Hansen Medical (Nasdq: HNSN) has always been considered a high risk/reward stock, but after only a few months of investor excitement that drove the stock price to $37.50 (see chart above), the high degree of risk on the stock was materialized in the fourth financial quarter of 2007 when the stock started to decline due to the Sensei's lack of convincing clinical data , fears on an economic slowdown, and investors' doubts on Hansen Medical's business model. Investors' negative sentiment was further reinforced by the news of revenue recognition irregularities, which further depressed the stock to the current level of $2.70. After taking deep financial losses, many investors have united and taken Hansen Medical to court and hold them accountable for its possible violations.
Many Lawsuits now... many more to come.
Since the revenue irregularities were first made public, there have been twelve class actions lawsuits against Hansen Medical. Most Plaintiffs, have charged the company of violating SEC rules and Federal laws by stating misleading and false financial revenue information that violated Generally Accepted Accounting Principles. The plaintiffs also argue that the overstatement of revenue made the stock trade artificially high since the company's fourth financial quarter in 2007, making investors pay an unacceptable high price for the company's share and take deep loses when the stock crashed as revenue irregularities were discovered. It is unlikely that the avalanche of lawsuits will end any time soon and defending against all of them will put Hansen Medical in a precarious financial position.

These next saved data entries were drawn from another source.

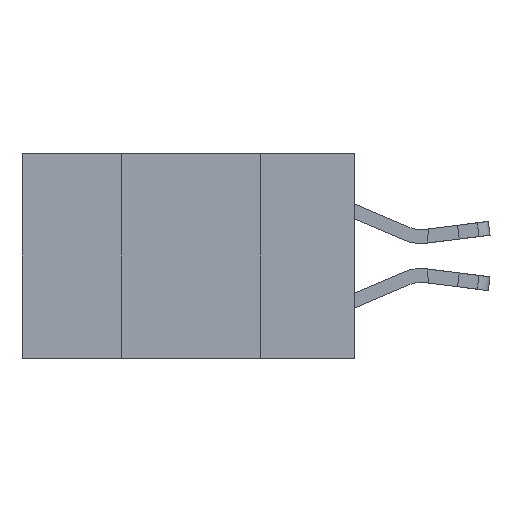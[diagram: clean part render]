
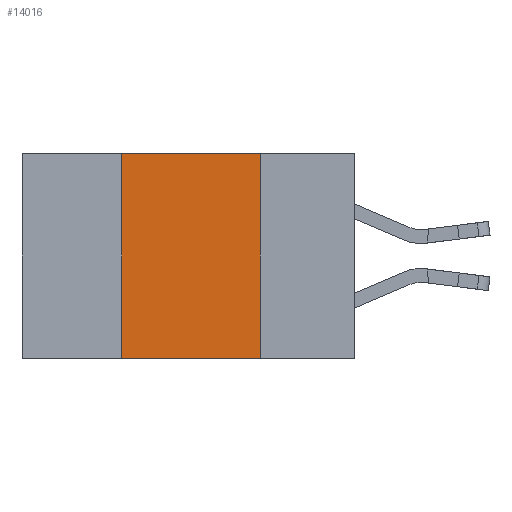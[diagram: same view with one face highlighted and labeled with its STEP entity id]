
A CAD part, left-side view. The second image highlights one B-rep face of the part: STEP entity #14016.
In plain terms, the highlighted planar face has unit normal (-1, 0, 0).
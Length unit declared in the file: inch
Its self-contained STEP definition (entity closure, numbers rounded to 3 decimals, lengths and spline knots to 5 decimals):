
#911 = ORIENTED_EDGE ( 'NONE', *, *, #25491, .T. ) ;
#2192 = CARTESIAN_POINT ( 'NONE',  ( 0., 0.17, -0.37 ) ) ;
#2231 = VERTEX_POINT ( 'NONE', #21072 ) ;
#3127 = CARTESIAN_POINT ( 'NONE',  ( 0., 0.17, 0. ) ) ;
#3616 = VECTOR ( 'NONE', #26246, 39.37008 ) ;
#4419 = LINE ( 'NONE', #21164, #20250 ) ;
#6029 = CARTESIAN_POINT ( 'NONE',  ( 0., 0.42, -0.37 ) ) ;
#7559 = EDGE_CURVE ( 'NONE', #23991, #12503, #4419, .T. ) ;
#8748 = DIRECTION ( 'NONE',  ( 0., 0., 1. ) ) ;
#9059 = DIRECTION ( 'NONE',  ( 1., 0., 0. ) ) ;
#10658 = DIRECTION ( 'NONE',  ( 0., 0., -1. ) ) ;
#12503 = VERTEX_POINT ( 'NONE', #2192 ) ;
#13558 = VECTOR ( 'NONE', #8748, 39.37008 ) ;
#14016 = ADVANCED_FACE ( 'NONE', ( #26614 ), #15276, .F. ) ;
#15276 = PLANE ( 'NONE',  #16161 ) ;
#15606 = EDGE_CURVE ( 'NONE', #2231, #23991, #20425, .T. ) ;
#16161 = AXIS2_PLACEMENT_3D ( 'NONE', #21658, #9059, #23764 ) ;
#18079 = EDGE_LOOP ( 'NONE', ( #21159, #22406, #21369, #911 ) ) ;
#19337 = EDGE_CURVE ( 'NONE', #25617, #2231, #19858, .T. ) ;
#19858 = LINE ( 'NONE', #25547, #13558 ) ;
#20250 = VECTOR ( 'NONE', #10658, 39.37008 ) ;
#20425 = LINE ( 'NONE', #24149, #3616 ) ;
#21072 = CARTESIAN_POINT ( 'NONE',  ( 0., 0.42, 0. ) ) ;
#21159 = ORIENTED_EDGE ( 'NONE', *, *, #7559, .F. ) ;
#21164 = CARTESIAN_POINT ( 'NONE',  ( 0., 0.17, 0. ) ) ;
#21369 = ORIENTED_EDGE ( 'NONE', *, *, #19337, .F. ) ;
#21658 = CARTESIAN_POINT ( 'NONE',  ( 0., 0.6, 0. ) ) ;
#22406 = ORIENTED_EDGE ( 'NONE', *, *, #15606, .F. ) ;
#22471 = DIRECTION ( 'NONE',  ( 0., -1., 0. ) ) ;
#23764 = DIRECTION ( 'NONE',  ( 0., 0., -1. ) ) ;
#23991 = VERTEX_POINT ( 'NONE', #3127 ) ;
#24149 = CARTESIAN_POINT ( 'NONE',  ( 0., 0.6, 0. ) ) ;
#24565 = CARTESIAN_POINT ( 'NONE',  ( 0., 0.6, -0.37 ) ) ;
#24716 = VECTOR ( 'NONE', #22471, 39.37008 ) ;
#25388 = LINE ( 'NONE', #24565, #24716 ) ;
#25491 = EDGE_CURVE ( 'NONE', #25617, #12503, #25388, .T. ) ;
#25547 = CARTESIAN_POINT ( 'NONE',  ( 0., 0.42, 0. ) ) ;
#25617 = VERTEX_POINT ( 'NONE', #6029 ) ;
#26246 = DIRECTION ( 'NONE',  ( 0., -1., 0. ) ) ;
#26614 = FACE_OUTER_BOUND ( 'NONE', #18079, .T. ) ;

Generating revenue is crucial to a business enterprise survival because it is one of the most important indicators of its financial performance and a key metric that investors use to assess its management, operations, and overall health. Because of its importance to managerial and financial accounting, revenue recognition seems to be the Achilles Tendon of many Technologically innovating and financially promising growth companies.
For Hansen Medical, its decision to use revenue recognition improperly to artificially improve its financial condition may prove to be fatal mistake. The combination of an increasing number of lawsuits, a depressed stock price, and a highly tainted management as a result of the company's current accounting scandal may put Hansen Medical out of business and severely impair the adoption of one of the greatest technological innovations for the treatment of heart disease in the last twenty years.